I need to do some work on the A/C unit on my roof, but it is a corrugated iron roof at about 45 degrees (older house) and I can't stand on it without slipping / sliding. 
I have tried bare feet, boots, thongs, sneakers, but nothing will grip it sufficiently well. 
What the hell do people do in this situation? Sky hook???

----------


## leeton

Dunlop Volley's and a harness...you wouldn't want to fall.

----------


## bugsy

pay someone to do it.
then sit back and watch them fall

----------


## looseless

DANGER DANGER DANGER WILL ROBINSON. :Eek:  :Eek:  :Shock:  :Shock:  :Confused:  
Do not try to work on a 45 degree pitch roof without some fall protection.
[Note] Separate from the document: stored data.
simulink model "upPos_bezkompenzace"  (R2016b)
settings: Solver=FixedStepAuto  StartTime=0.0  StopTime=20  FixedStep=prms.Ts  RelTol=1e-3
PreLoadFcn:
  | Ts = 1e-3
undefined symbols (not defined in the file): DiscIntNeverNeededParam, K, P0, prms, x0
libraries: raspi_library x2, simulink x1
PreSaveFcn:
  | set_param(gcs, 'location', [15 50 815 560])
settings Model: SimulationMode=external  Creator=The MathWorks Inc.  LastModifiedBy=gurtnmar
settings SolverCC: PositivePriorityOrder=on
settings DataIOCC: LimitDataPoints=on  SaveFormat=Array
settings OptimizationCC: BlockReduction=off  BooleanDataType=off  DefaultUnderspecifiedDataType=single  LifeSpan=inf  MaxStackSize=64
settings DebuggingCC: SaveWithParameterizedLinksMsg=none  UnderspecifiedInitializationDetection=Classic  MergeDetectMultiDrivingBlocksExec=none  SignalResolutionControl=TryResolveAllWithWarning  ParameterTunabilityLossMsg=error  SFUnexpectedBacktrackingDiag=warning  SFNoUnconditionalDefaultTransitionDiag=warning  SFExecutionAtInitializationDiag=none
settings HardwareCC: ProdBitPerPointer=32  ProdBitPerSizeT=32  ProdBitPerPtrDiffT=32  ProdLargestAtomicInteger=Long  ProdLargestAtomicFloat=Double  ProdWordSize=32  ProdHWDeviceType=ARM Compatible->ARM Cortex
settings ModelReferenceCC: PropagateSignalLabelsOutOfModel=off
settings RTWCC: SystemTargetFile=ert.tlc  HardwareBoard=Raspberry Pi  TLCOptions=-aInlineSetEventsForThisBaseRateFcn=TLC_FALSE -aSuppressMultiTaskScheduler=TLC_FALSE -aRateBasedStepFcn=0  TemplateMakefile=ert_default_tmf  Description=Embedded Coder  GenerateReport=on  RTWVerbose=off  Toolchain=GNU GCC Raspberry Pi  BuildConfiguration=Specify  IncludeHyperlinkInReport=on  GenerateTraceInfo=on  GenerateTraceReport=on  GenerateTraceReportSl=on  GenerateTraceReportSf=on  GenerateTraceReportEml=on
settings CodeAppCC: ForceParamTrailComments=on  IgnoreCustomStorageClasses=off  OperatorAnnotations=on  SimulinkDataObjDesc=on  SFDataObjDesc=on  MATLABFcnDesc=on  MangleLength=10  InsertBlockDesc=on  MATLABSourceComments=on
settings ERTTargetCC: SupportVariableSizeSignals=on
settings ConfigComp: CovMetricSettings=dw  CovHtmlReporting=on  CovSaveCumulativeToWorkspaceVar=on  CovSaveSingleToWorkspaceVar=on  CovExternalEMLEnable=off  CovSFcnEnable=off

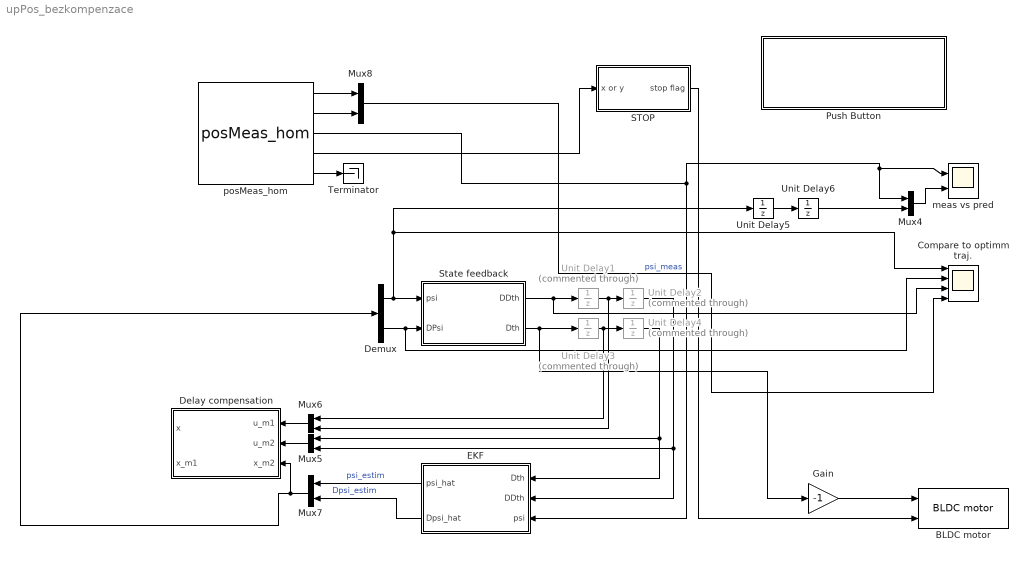
== system upPos_bezkompenzace ==
  BLDC motor : raspi_library/BLDC motor
  Compare to optimm traj. : Scope  NumInputPorts=4
  Delay compensation : Subsystem
  Demux : Demux  Outputs=2
  EKF : Subsystem
  Gain : Gain  Gain=-1
  Mux{4..8} (5 alike) : Mux  Inputs=2
  Push Button : Subsystem  DialogController=hmiCreateDDGDialog  IsWebBlock=on  mask(MWDashboardBlock){webBlockId=aa30e358-d2c6-466c-a89a-de069679829e, webBlockType=pushbutton, ShowInLibBrwoser=on, ShowInitialText=on, HMISrcModelName=upPos_bezkompenzace}
      mask prompts: webBlockId "WebBlock Id"; webBlockType "WebBlock Type"; HMISrcModelName "Source Model"
      mask help: SimulinkHMI:dialogs:PushButtonDialogDesc
      mask Help: helpview([docroot '/mapfiles/simulink.map'], 'hmi_push_button')
      mask Display:
      | model = bdroot(gcb);
      | if strcmp(get_param(model,'BlockDiagramType'), 'library')
      |     image([(matlabroot) '/toolbox/simulink/hmi/icons/PushButton.png']);
      | end
  STOP : Subsystem
  State feedback : Subsystem
  Terminator : Terminator
  Unit Delay{1..4} (4 alike) : UnitDelay  Commented=through  SampleTime=-1
  Unit Delay5 : UnitDelay  SampleTime=-1
  Unit Delay6 : UnitDelay  SampleTime=-1
  meas vs pred : Scope  NumInputPorts=2
  posMeas_hom : raspi_library/posMeas_hom
  wires:
  posMeas_hom/3 -> meas vs pred/1, Mux4/1, EKF/3(psi)  "psi_meas"
  Demux/1 -> State feedback/1(psi), Compare to optimm traj./1, Unit Delay5/1
  Unit Delay1/1 -> Mux6/2, Unit Delay2/1
  Mux5/1 -> Delay compensation/2(u_m2)
  Mux6/1 -> Delay compensation/1(u_m1)
  EKF/2(Dpsi_hat) -> Mux7/2  "Dpsi_estim"
  EKF/1(psi_hat) -> Mux7/1  "psi_estim"
  Unit Delay2/1 -> EKF/2(DDth), Mux5/2
  Unit Delay4/1 -> Mux5/1, EKF/1(Dth)
  Unit Delay3/1 -> Mux6/1, Unit Delay4/1
  Mux7/1 -> Delay compensation/3(x_m2), Demux/1
  Demux/2 -> Compare to optimm traj./2, State feedback/2(DPsi)
  State feedback/1(DDth) -> Compare to optimm traj./3, Unit Delay1/1
  STOP/1(stop flag) -> BLDC motor/2
  Mux4/1 -> meas vs pred/2
  Unit Delay6/1 -> Mux4/2
  Unit Delay5/1 -> Unit Delay6/1
  posMeas_hom/5 -> Terminator/1
  posMeas_hom/4 -> STOP/1(x or y)
  posMeas_hom/1 -> Mux8/1
  posMeas_hom/2 -> Mux8/2
  Mux8/1 -> Compare to optimm traj./4
  State feedback/2(Dth) -> Gain/1, Unit Delay3/1
  Gain/1 -> BLDC motor/1

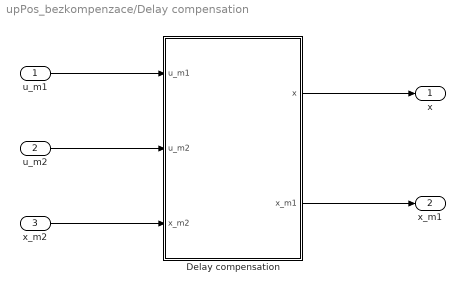
== system upPos_bezkompenzace/Delay compensation ==
  u_m1 : Inport
  u_m2 : Inport  Port=2
  x_m2 : Inport  Port=3
  Delay compensation : MATLAB Function  TreatAsAtomicUnit=on  SystemSampleTime=prms.Ts
  x : Outport
  x_m1 : Outport  Port=2
  wires:
  x_m2/1 -> Delay compensation/3(x_m2)
  u_m1/1 -> Delay compensation/1(u_m1)
  u_m2/1 -> Delay compensation/2(u_m2)
  Delay compensation/1(x) -> x/1
  Delay compensation/2(x_m1) -> x_m1/1

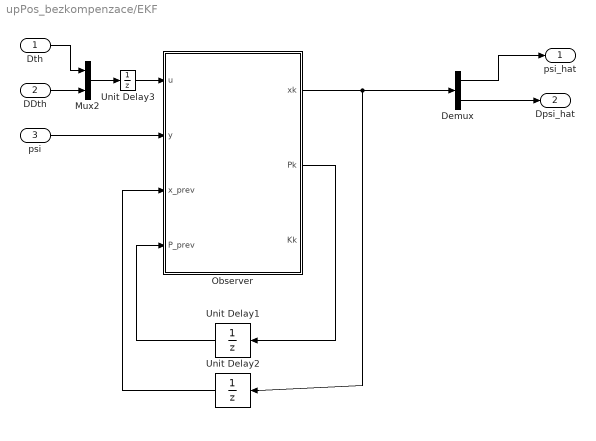
== system upPos_bezkompenzace/EKF ==
  Dth : Inport
  DDth : Inport  Port=2
  psi : Inport  Port=3
  Demux : Demux  Outputs=2
  Mux2 : Mux  Inputs=2
  Observer : MATLAB Function  TreatAsAtomicUnit=on  SystemSampleTime=prms.Ts
  Unit Delay1 : UnitDelay  InitialCondition=P0  SampleTime=-1
  Unit Delay2 : UnitDelay  InitialCondition=x0  SampleTime=-1
  Unit Delay3 : UnitDelay  SampleTime=-1
  psi_hat : Outport
  Dpsi_hat : Outport  Port=2
  wires:
  Unit Delay2/1 -> Observer/3(x_prev)
  Observer/2(Pk) -> Unit Delay1/1
  Unit Delay1/1 -> Observer/4(P_prev)
  Observer/1(xk) -> Demux/1, Unit Delay2/1
  Demux/2 -> Dpsi_hat/1
  Demux/1 -> psi_hat/1
  Mux2/1 -> Unit Delay3/1
  Dth/1 -> Mux2/1
  DDth/1 -> Mux2/2
  psi/1 -> Observer/2(y)
  Unit Delay3/1 -> Observer/1(u)

== system upPos_bezkompenzace/Push Button ==

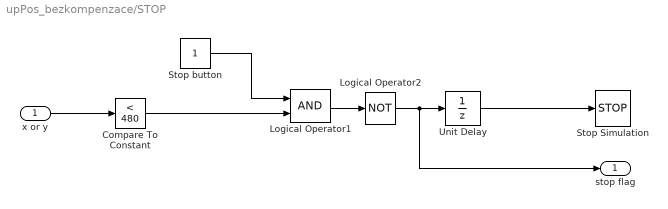
== system upPos_bezkompenzace/STOP ==
  x or y : Inport
  Compare To Constant : simulink/Logic and Bit Operations/Compare To Constant  relop=<  const=480  OutDataTypeStr=boolean
  Logical Operator1 : Logic  AllPortsSameDT=off  OutDataTypeStr=boolean
  Logical Operator2 : Logic  Operator=NOT  AllPortsSameDT=off  OutDataTypeStr=boolean
  Stop Simulation : Stop
  Stop button : Constant
  Unit Delay : UnitDelay  SampleTime=-1
  stop flag : Outport
  wires:
  Unit Delay/1 -> Stop Simulation/1
  Logical Operator2/1 -> stop flag/1, Unit Delay/1
  Compare To Constant/1 -> Logical Operator1/2
  Stop button/1 -> Logical Operator1/1
  x or y/1 -> Compare To Constant/1
  Logical Operator1/1 -> Logical Operator2/1

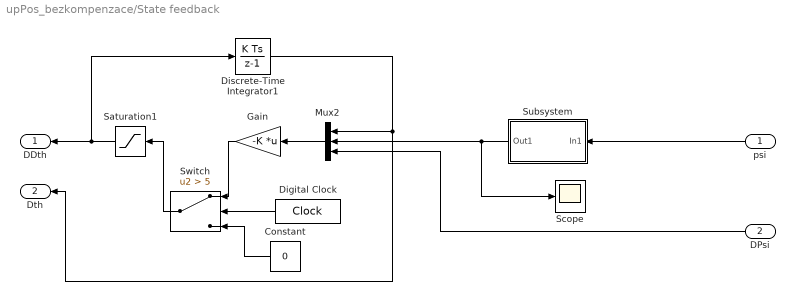
== system upPos_bezkompenzace/State feedback ==
  psi : Inport
  DPsi : Inport  Port=2
  Constant : Constant  Value=0  OutDataTypeStr=single
  Digital Clock : DigitalClock  SampleTime=prms.Ts
  Discrete-Time Integrator1 : DiscreteIntegrator  InitialConditionSetting=State (most efficient)  SampleTime=prms.Ts  LimitOutput=on  UpperSaturationLimit=38  LowerSaturationLimit=-38  ICPrevOutput=DiscIntNeverNeededParam  ICPrevScaledInput=DiscIntNeverNeededParam
  Gain : Gain  Gain=-K  Multiplication=Matrix(K*u)
  Mux2 : Mux  Inputs=3
  Saturation1 : Saturate  UpperLimit=prms.usat  LowerLimit=-prms.usat
  Scope : Scope
  Subsystem : Subsystem
  Switch : Switch  Criteria=u2 > Threshold  Threshold=5
  DDth : Outport
  Dth : Outport  Port=2
  wires:
  Saturation1/1 -> Discrete-Time Integrator1/1, DDth/1
  Discrete-Time Integrator1/1 -> Dth/1, Mux2/1
  DPsi/1 -> Mux2/3
  Mux2/1 -> Gain/1
  Subsystem/1(Out1) -> Scope/1, Mux2/2
  psi/1 -> Subsystem/1(In1)
  Switch/1 -> Saturation1/1
  Gain/1 -> Switch/1
  Constant/1 -> Switch/3
  Digital Clock/1 -> Switch/2

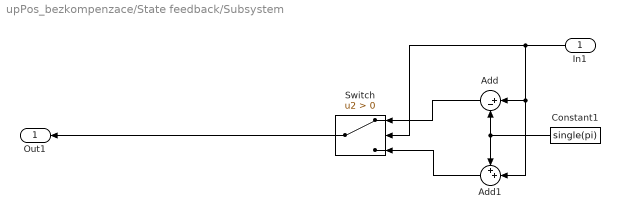
== system upPos_bezkompenzace/State feedback/Subsystem ==
  In1 : Inport
  Add : Sum  Inputs=|+-
  Add1 : Sum  Inputs=++|
  Constant1 : Constant  Value=single(pi)
  Switch : Switch  Criteria=u2 > Threshold
  Out1 : Outport
  wires:
  Add/1 -> Switch/1
  Switch/1 -> Out1/1
  Add1/1 -> Switch/3
  Constant1/1 -> Add/2, Add1/1
  In1/1 -> Add1/2, Add/1, Switch/2

== matlab function upPos_bezkompenzace/Delay compensation/Delay compensation ==
  data: u_m1 input; u_m2 input; x output; x_m2 input; prms parameter; x_m1 output
function [x, x_m1] = delayCompensation( u_m1, u_m2, x_m2, prms)

a =  prms.out.a_bar;
b =  prms.out.b_bar;
c =  prms.out.c_bar;
d =  prms.out.d_bar;
e =  prms.out.e_bar;

N = 1;
T = prms.Ts/N;

% Time Update - 1
x_old = x_m2;
x_new = single([0; 0]);
for i = 1:N
    x_new(1) = x_old(1) + T*x_old(2);
    x_new(2) = x_old(2) + T* 1/a*(-c*sin(x_old(1)) - b*x_old(2) - d*u_m2(1) + e*u_m2(2));    
    x_old = x_new;
end
x_m1 = x_new;

% Time Update - 2
x_old = x_m1;
x_new = single([0; 0]);
for i = 1:N
    x_new(1) = x_old(1) + T*x_old(2);
    x_new(2) = x_old(2) + T*1/a*(-c*sin(x_old(1)) - b*x_old(2) - d*u_m1(1) + e*u_m1(2));    
    x_old = x_new;
end
x = x_new;

== matlab function upPos_bezkompenzace/EKF/Observer ==
  data: u input; y input; xk output single; x_prev input; P_prev input; Pk output; Kk output; prms parameter
function [xk, Pk, Kk] = EKF( u, y, x_prev, P_prev, prms)

a =  prms.out.a_bar;
b =  prms.out.b_bar;
c =  prms.out.c_bar;
d =  prms.out.d_bar;
e =  prms.out.e_bar;

Q =  prms.out.KF.Q;
R =  prms.out.KF.R;

Ak_c = [0 1; -c/a*cos(x_prev(1)) -b/a]; % system matrix of the linearized continuous model
Ak = eye(2) + prms.Ts*Ak_c; % discretized version of the system matrix
Hk = [1 0];

% Time Update
xk = single([0; 0]);
xk(1) = x_prev(1) + prms.Ts*x_prev(2);
xk(2) = x_prev(2) + prms.Ts * 1/a*(-c*sin(x_prev(1)) - b*x_prev(2) - d*u(1) + e*u(2));
% xk = Ak*x_prev + Bk*u;
Pk = Ak*P_prev*Ak'+Q;

% Measurement Update
Kk = Pk*Hk'/(Hk*Pk*Hk'+R);
xk = xk + Kk*(y-Hk*xk);
Pk = (eye(2)-Kk*Hk)*Pk;

A harness would be ideal. 
Make a roof ladder (timber or steel) with a cleat or brackets you can attach to the roof, or hang over the ridge. Take time to make it safe, as no job is worth serious injury or YOUR LIFE!!!!!!!!!!!!  :Shock:  :No:  :No:  :Cry:  :Cry:  
If you can you may be able to make some brackets that can screw to the roof which you can mount a plank on. I have done this when installing solar panels on a steep roof. Good Luck and be careful.  
If this is too hard, take the advice of the previous posts.  :Brava: brava

----------


## chipps

You don't say what type of work it needs, 
Anyways...........Agree with the safety concerns. Life's to short ptrott, play safe & get an aircon tradie to deal with it.

----------


## Gooner

Guy at work a while ago decided to do some work on his roof and slipped off. Single story roof, but fell badly and broke his neck.  
Was off work for the best part of the year and his head was in a steel brace screwed into his skull for months. Can still see the dints in his head where the brace once was screwed in. Has recovered quite well, but goes to show that a simple fall can have devastating effects.

----------


## kombiman

I am a Nurse as my day job. 
You would not believe the amount of people I meet that have fallen off roofs.  
I specialise in psychiatry which gives you an idea the damage beyond immediate physical injuries that an event like this can do to your whole life, for the rest of your life. 
Risk manage this job as if your life depends on it (oh wait....) 
The roof ladder is a great idea so you can move freely.  A full harness and fall arrestor (like a self braked pulley your safety rope goes on, will only turn slowly to release the rope as a short sharp stop on the end of a rope can be just as fatal as hitting the ground when your neck snaps....) would be the minimum I would use.

----------


## ptrott

Thanks guys. 
I am going to try the harness and make a ladder that I can screw to the roof.

----------


## flynnsart

You can hire the harnesses at equipment hire places, around 35 a day. 
Donna

----------